Not already awake, then. My bad.
It’s also my bad that there’s a significant delay in explaining the purpose of our pre-dawn catch-up, while my eyes adjust to his gloriousness. It’s been an incredibly long time since I’ve been this close to a man wearing so few clothes. Particularly one with a physique like an Olympian. I was flustered enough to begin with, what with the broken-down car and the screaming travel deadline, and now I barely know where to look.
He has no such trouble himself, eyeing me, standing expectantly on his doorstep, overnight bag in hand, as if I’m about to move in. ‘Morning, Kate,’ he drawls in the low and gravelly voice of the rudely awoken. ‘Something else you want defused?’
I blush red. Again. ‘Actually, there is a small logistical problem—’
‘It’s the battery,’ he diagnoses, before I can continue. ‘Heard the engine failing to turn over from bed.’
I imagine him, starfished on the mattress in those boxers, listening to my ailing vehicle. Stop it! There’s no time to call for roadside assistance. No time for any conceivable option beyond begging this man for help. ‘Hugh is in the Qantas lounge,’ I tell him. ‘He’s probably ordering me a latte as we speak.’ I’m so churned up now, the thought of dairy makes me nauseous. ‘Of course, he sensibly lives in a high-rise Kingston apartment just minutes away from literally everything—’
‘Does he?’ Justin pulls me across the threshold into his bunker out of the cold. ‘And miss the charms of suburban life?’
I almost lunge at him. ‘I’m so sorry to be banging on your door. The front light came on—’
‘It’s a sensor.’
‘You must be exhausted from moving in yesterday.’ I gesture at the moving boxes piled high on polished floorboards all around us. It’s like he’s hauled it all in and run out of steam to unpack anything. Or maybe he ran out of time, given last night’s furore. ‘Justin, I am an incredibly desperate woman!’
He draws his mouth into a slow smile. ‘Are you?’
There isn’t a minute to spare. We cannot stand here, the only two people awake in the southern hemisphere – apart from Hugh, and hopefully our pilot – exchanging flirty innuendo about my apparent level of desperation. This is an emergency. The second emergency, in fact, of our brief and dramatic acquaintance.
‘Why don’t I give you a lift?’ he suggests.

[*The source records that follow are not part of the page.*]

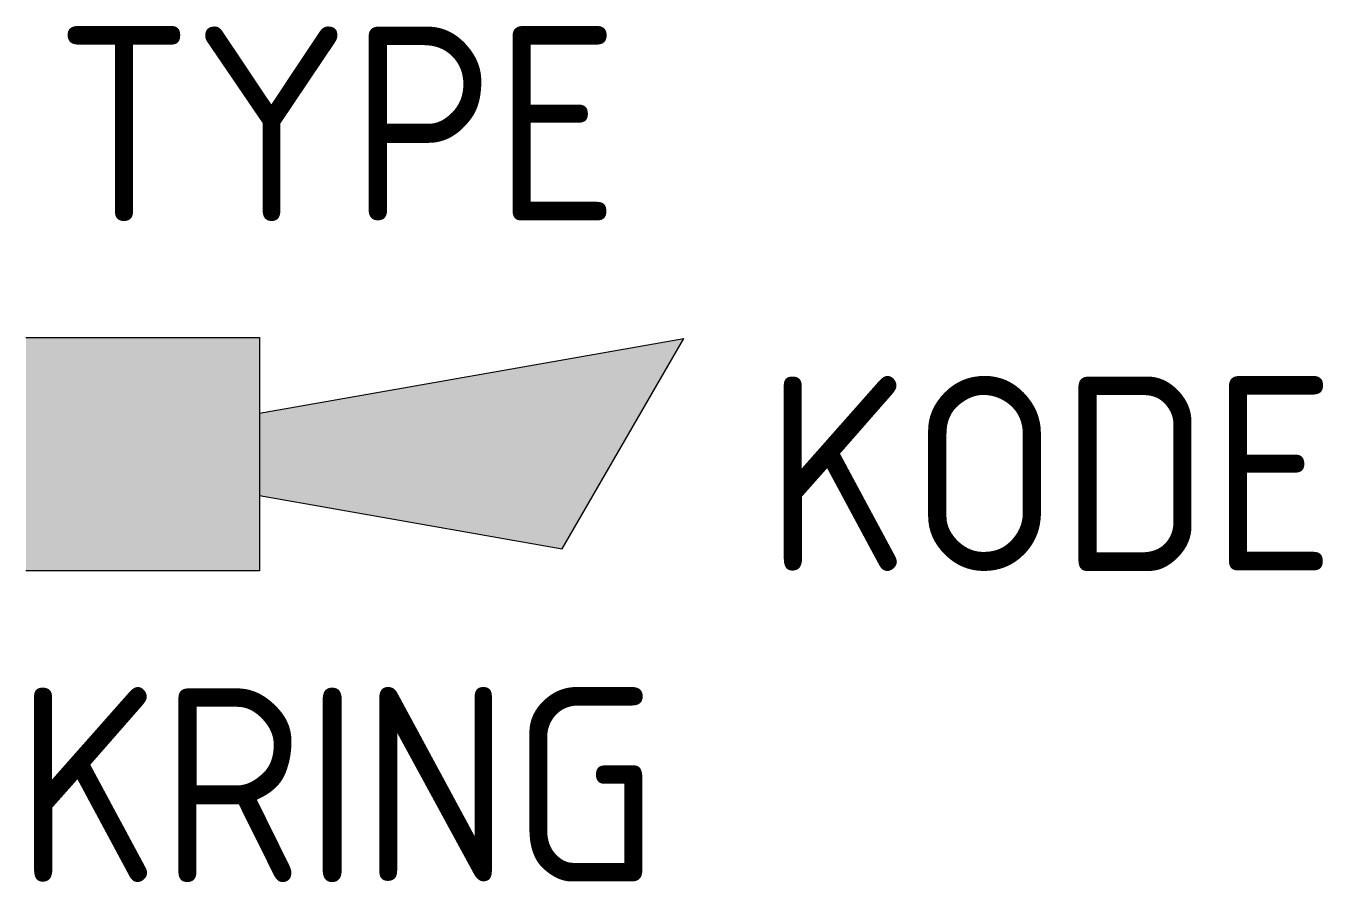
# Model space of a CAD drawing. Extents: x 0 to 16.7, y -5.5 to 5.5.
import ezdxf
from ezdxf.enums import TextEntityAlignment as Align

# ---------------------------------------------------------------- set-up
doc = ezdxf.new("R2010")
doc.units = 0
doc.layers.get('0').update_dxf_attribs({"linetype": 'CONTINUOUS'})
doc.styles.get("Standard").update_dxf_attribs({"font": 'iso8.shx'})

msp = doc.modelspace()

# ---------------------------------------------------------------- linework, layer by layer
at = {"linetype": 'Continuous'}
for p, q in [((0, 1.5), (3, 1.5)), ((3, 1.5), (3, -1.5)), ((3, 0.529), (8.456, 1.491)), ((6.894, -1.216), (8.456, 1.491)), ((3, -0.529), (6.894, -1.216)), ((3, -1.5), (0, -1.5))]:
    msp.add_line(p, q, dxfattribs=at)
for points in [[(3, -1.5), (0, -1.5), (3, 1.5), (0, 1.5)], [(3, -0.529), (6.894, -1.216), (3, 0.529), (8.456, 1.491)]]:
    msp.add_solid(points)

# ---------------------------------------------------------------- texts
for tag, p in [('TYPE', (4, 3)), ('KRING', (4, -5.5))]:
    msp.add_attdef(tag, text='XXX', height=2.5).set_placement(p, align=Align.CENTER)
msp.add_attdef('KODE', (9.5, -1.5), 'XXX', height=2.5)

doc.saveas('drawing.dxf')

I could kiss him. Of course, now I’m picturing exactly that, and exhibiting the social graces of my inner bookish teenager.
‘Give me two minutes,’ Justin says. ‘Pull up a box. Make yourself at home.’
6
Justin saunters down a long corridor and my trance is broken only after he’s completely out of sight. I scrabble for my phone, bash out a quick message to Hugh: ‘Car trouble. Getting a lift.’ Then try to distract myself admiring the warm neutrals of Justin’s bachelor pad. Lined up along the gallery-styled corridor are some large framed prints underneath where they’ll presumably be hung. They’re incredible landscape photographs – driftwood on the beach at sunrise, a forest waterfall in long exposure, an old tin hut in the outback with leading lines of cracked red soil. The box beside me is labelled ‘camera equipment’ and wrapped in tape marking it as ‘fragile’。
Is he a photographer, too? Oh, I hope so. I’ve graduated from my phone camera to a proper one and I’m still at the stage of being discombobulated by the exposure triangle. Perhaps he’ll tutor me.
Last night’s flannelette shirt is lying where it was tossed on top of a box of dumbbells. I pick it up, just for a second, and turn the fabric over in my hands. It’s reminiscent of two days ago, when I’d spent three hours sitting on the floor of my bedroom picking up every one of Cam’s shirts in turn. I pored over each one, searching for even a hint of Cam’s scent, hugged it, ‘thanked it for its service’, and even then I couldn’t let go.